Amanda Gorman makes history as youngest known inaugural poet

Amanda Gorman has written poems for historic occasions. Now she has made history herself.

Gorman, 22, became the youngest known inaugural poet when she performed at the 59th Presidential Inauguration on Wednesday. 

She delivered her original composition, “The Hill We Climb,” at the Capitol in front of President-elect Joe Biden, Vice President-elect Kamala Harris and the entire nation.

“It’s amazing…Especially at my age. No one really gets to say, ‘At 22, I am the inaugural poet,'” she told “CBS This Morning” co-host Anthony Mason before her performance. 

She said she researched the speeches of Abraham Lincoln and Dr. Martin Luther King, Jr. as she began writing. But it was the riots at the Capitol that made a closing impact.

“And then on the Wednesday in which we saw the insurrection at the Capitol, that was the day that the poem really came to life. And I really put pedal to the metal,” Gorman said.

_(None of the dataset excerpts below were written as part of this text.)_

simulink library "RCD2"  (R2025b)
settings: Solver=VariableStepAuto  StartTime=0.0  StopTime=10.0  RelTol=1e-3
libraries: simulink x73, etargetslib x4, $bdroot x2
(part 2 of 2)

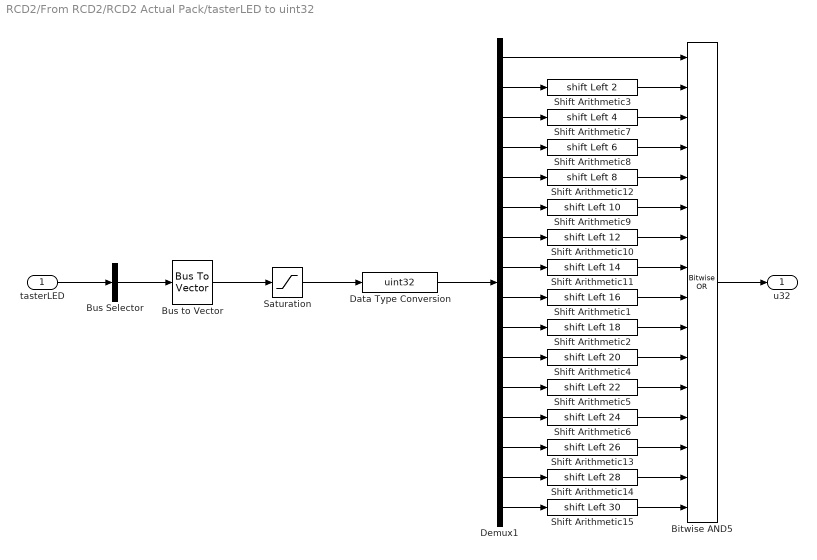
== system RCD2/From RCD2/RCD2 Actual Pack/tasterLED to uint32 ==
  "tasterLED " : Inport
  Bitwise AND5 : simulink/Logic and Bit Operations/Bitwise Operator  logicop=OR  UseBitMask=off  NumInputPorts=16  BitMask=bin2dec('11011001')  BitMaskRealWorld=Stored Integer
      settings: LibrarySourceBlock=|
      | simulink/Quick Insert/Logic and Bit
      | Operations/Bitwise AND
  Bus Selector : BusSelector  OutputSignals=tasterLED1,tasterLED2,tasterLED3,tasterLED4,tasterLED5,tasterLED6,tasterLED7,tasterLED8,tasterLED9,tasterLED10,tasterLED11,tasterLED12,tasterLED13,tasterLED14,tasterLED15,tasterLED16  OutputAsBus=on
  Bus to Vector : BusToVector
  Data Type Conversion : DataTypeConversion  OutDataTypeStr=uint32  SaturateOnIntegerOverflow=off  RndMeth=Floor
  Demux1 : Demux  Outputs=16
  Saturation : Saturate  UpperLimit=uint8(3)  LowerLimit=uint8(0)
  Shift Arithmetic1 : ArithShift  BitShiftNumber=16  BitShiftDirection=Left
  Shift Arithmetic10 : ArithShift  BitShiftNumber=12  BitShiftDirection=Left
  Shift Arithmetic11 : ArithShift  BitShiftNumber=14  BitShiftDirection=Left
  Shift Arithmetic12 : ArithShift  BitShiftNumber=8  BitShiftDirection=Left
  Shift Arithmetic13 : ArithShift  BitShiftNumber=26  BitShiftDirection=Left
  Shift Arithmetic14 : ArithShift  BitShiftNumber=28  BitShiftDirection=Left
  Shift Arithmetic15 : ArithShift  BitShiftNumber=30  BitShiftDirection=Left
  Shift Arithmetic2 : ArithShift  BitShiftNumber=18  BitShiftDirection=Left
  Shift Arithmetic3 : ArithShift  BitShiftNumber=2  BitShiftDirection=Left
  Shift Arithmetic4 : ArithShift  BitShiftNumber=20  BitShiftDirection=Left
  Shift Arithmetic5 : ArithShift  BitShiftNumber=22  BitShiftDirection=Left
  Shift Arithmetic6 : ArithShift  BitShiftNumber=24  BitShiftDirection=Left
  Shift Arithmetic7 : ArithShift  BitShiftNumber=4  BitShiftDirection=Left
  Shift Arithmetic8 : ArithShift  BitShiftNumber=6  BitShiftDirection=Left
  Shift Arithmetic9 : ArithShift  BitShiftNumber=10  BitShiftDirection=Left
  u32 : Outport
  wires:
  Bitwise AND5/1 -> u32/1
  Demux1/6 -> Shift Arithmetic9/1
  Demux1/5 -> Shift Arithmetic12/1
  Shift Arithmetic11/1 -> Bitwise AND5/8
  Shift Arithmetic10/1 -> Bitwise AND5/7
  Demux1/1 -> Bitwise AND5/1
  Shift Arithmetic9/1 -> Bitwise AND5/6
  Shift Arithmetic3/1 -> Bitwise AND5/2
  Demux1/8 -> Shift Arithmetic11/1
  Shift Arithmetic12/1 -> Bitwise AND5/5
  Shift Arithmetic7/1 -> Bitwise AND5/3
  Demux1/7 -> Shift Arithmetic10/1
  Demux1/3 -> Shift Arithmetic7/1
  Demux1/2 -> Shift Arithmetic3/1
  Demux1/4 -> Shift Arithmetic8/1
  Shift Arithmetic8/1 -> Bitwise AND5/4
  Demux1/9 -> Shift Arithmetic1/1
  Shift Arithmetic1/1 -> Bitwise AND5/9
  Demux1/10 -> Shift Arithmetic2/1
  Demux1/11 -> Shift Arithmetic4/1
  Shift Arithmetic2/1 -> Bitwise AND5/10
  Shift Arithmetic4/1 -> Bitwise AND5/11
  Demux1/12 -> Shift Arithmetic5/1
  Shift Arithmetic5/1 -> Bitwise AND5/12
  Demux1/13 -> Shift Arithmetic6/1
  Shift Arithmetic6/1 -> Bitwise AND5/13
  Shift Arithmetic13/1 -> Bitwise AND5/14
  Demux1/14 -> Shift Arithmetic13/1
  Shift Arithmetic14/1 -> Bitwise AND5/15
  Demux1/15 -> Shift Arithmetic14/1
  Shift Arithmetic15/1 -> Bitwise AND5/16
  Demux1/16 -> Shift Arithmetic15/1
  "tasterLED "/1 -> Bus Selector/1
  Bus Selector/1 -> Bus to Vector/1
  Bus to Vector/1 -> Saturation/1
  Data Type Conversion/1 -> Demux1/1
  Saturation/1 -> Data Type Conversion/1

== system RCD2/From RCD2/RCD2 Actual Unpack/Unpack Message ==
  bytes : Inport
  Enable : EnablePort
  Byte Unpack : etargetslib/Byte Unpack  dimensions={4,1,1,1,1,1,1,1,1,1,1,1}  datatypes={'uint8','uint8','double','single','single','single','single','single','single','uint16','uint32','uint16'}  byteAlign=1
      settings: LibrarySourceBlock=embeddedtargetslib/Host Communication/Byte Unpack
  CheckForValidProtocol : Subsystem
  Data Type Conversion{,1..5} (6 alike) : DataTypeConversion  OutDataTypeStr=double  SaturateOnIntegerOverflow=off  RndMeth=Floor
  Selector : Selector  IndexOptions=Index vector (dialog)  Indices=1:45  OutputSizes=1
  Subsystem : Subsystem
  u16 to bitfield : Subsystem
  u16 to tasterBitfield : Subsystem
  u32 to bitfield : Subsystem
  success : Outport
  busRCDActual : Outport  Port=2
  wires:
  bytes/1 -> Selector/1
  CheckForValidProtocol/1(isValid) -> success/1, Subsystem/Enable
  Subsystem/1(Out1) -> busRCDActual/1
  Data Type Conversion/1 -> Subsystem/2(In3)
  Data Type Conversion1/1 -> Subsystem/3(In4)
  Data Type Conversion2/1 -> Subsystem/4(In5)
  Data Type Conversion3/1 -> Subsystem/5(In6)
  Data Type Conversion4/1 -> Subsystem/6(In7)
  Data Type Conversion5/1 -> Subsystem/7(In8)
  u16 to tasterBitfield/1("tasterBitfield ") -> Subsystem/8(In9)
  u32 to bitfield/1("bitfield ") -> Subsystem/9(In10)
  u16 to bitfield/1("bitfield ") -> Subsystem/10(In11)
  Selector/1 -> Byte Unpack/1
  Byte Unpack/2 -> CheckForValidProtocol/2(headerID)
  Byte Unpack/1 -> CheckForValidProtocol/1(headerRCD)
  Byte Unpack/3 -> Subsystem/1(In1)
  Byte Unpack/4 -> Data Type Conversion/1
  Byte Unpack/5 -> Data Type Conversion1/1
  Byte Unpack/6 -> Data Type Conversion2/1
  Byte Unpack/7 -> Data Type Conversion3/1
  Byte Unpack/8 -> Data Type Conversion4/1
  Byte Unpack/9 -> Data Type Conversion5/1
  Byte Unpack/10 -> u16 to tasterBitfield/1(u16)
  Byte Unpack/11 -> u32 to bitfield/1(u32)
  Byte Unpack/12 -> u16 to bitfield/1(u16)

== system RCD2/To RCD2/RCD2 Command Pack/LED to uint16 ==
  "LED " : Inport
  Bitwise AND5 : simulink/Logic and Bit Operations/Bitwise Operator  logicop=OR  UseBitMask=off  NumInputPorts=8  BitMask=bin2dec('11011001')  BitMaskRealWorld=Stored Integer
      settings: LibrarySourceBlock=|
      | simulink/Quick Insert/Logic and Bit
      | Operations/Bitwise AND
  Bus Selector : BusSelector  OutputSignals=LED1,LED2,LED3,LED4,LED5,LED6,LED7,LED8  OutputAsBus=on
  Bus to Vector : BusToVector
  Data Type Conversion : DataTypeConversion  OutDataTypeStr=uint16  SaturateOnIntegerOverflow=off  RndMeth=Floor
  Demux1 : Demux  Outputs=8
  Saturation : Saturate  UpperLimit=uint8(3)  LowerLimit=uint8(0)
  Shift Arithmetic10 : ArithShift  BitShiftNumber=12  BitShiftDirection=Left
  Shift Arithmetic11 : ArithShift  BitShiftNumber=14  BitShiftDirection=Left
  Shift Arithmetic12 : ArithShift  BitShiftNumber=8  BitShiftDirection=Left
  Shift Arithmetic3 : ArithShift  BitShiftNumber=2  BitShiftDirection=Left
  Shift Arithmetic7 : ArithShift  BitShiftNumber=4  BitShiftDirection=Left
  Shift Arithmetic8 : ArithShift  BitShiftNumber=6  BitShiftDirection=Left
  Shift Arithmetic9 : ArithShift  BitShiftNumber=10  BitShiftDirection=Left
  u16 : Outport
  wires:
  Shift Arithmetic8/1 -> Bitwise AND5/4
  Demux1/4 -> Shift Arithmetic8/1
  Demux1/2 -> Shift Arithmetic3/1
  Demux1/3 -> Shift Arithmetic7/1
  Demux1/7 -> Shift Arithmetic10/1
  Shift Arithmetic7/1 -> Bitwise AND5/3
  Shift Arithmetic12/1 -> Bitwise AND5/5
  Demux1/8 -> Shift Arithmetic11/1
  Shift Arithmetic3/1 -> Bitwise AND5/2
  Shift Arithmetic9/1 -> Bitwise AND5/6
  Demux1/1 -> Bitwise AND5/1
  Shift Arithmetic10/1 -> Bitwise AND5/7
  Shift Arithmetic11/1 -> Bitwise AND5/8
  Demux1/5 -> Shift Arithmetic12/1
  Demux1/6 -> Shift Arithmetic9/1
  Bitwise AND5/1 -> u16/1
  "LED "/1 -> Bus Selector/1
  Bus Selector/1 -> Bus to Vector/1
  Bus to Vector/1 -> Saturation/1
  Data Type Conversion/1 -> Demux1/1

Gorman said the riots changed her poem and the message she wanted to deliver.

“I wanted it to be a message of hope and unity. And I think that Wednesday for me really just underscored how much that was needed,” she said. “But to not turn a blind eye to the cracks that really need to be filled.”

Gorman was named the nation’s First Youth Poet Laureate at the age of 19. At 16, she was Youth Poet Laureate of Los Angeles, where she was raised by Joan, a single mother and an English teacher. Gorman said writing became her way to overcome a daunting obstacle.

“I had a speech impediment. And so I couldn’t use my voice, then I would author my voice on the page. So it’s really been a godsend and a lifeline for me,” she said.

Gorman said poetry and spoken words became her own type of pathology.

“And so once I arrived at the point in my life in high school, where I said, ‘you know what? Writing my poems on the page isn’t enough for me. I have to give them breath, and life, I have to perform them as I am.’ That was the moment that I was able to grow past my speech impediment,” she said.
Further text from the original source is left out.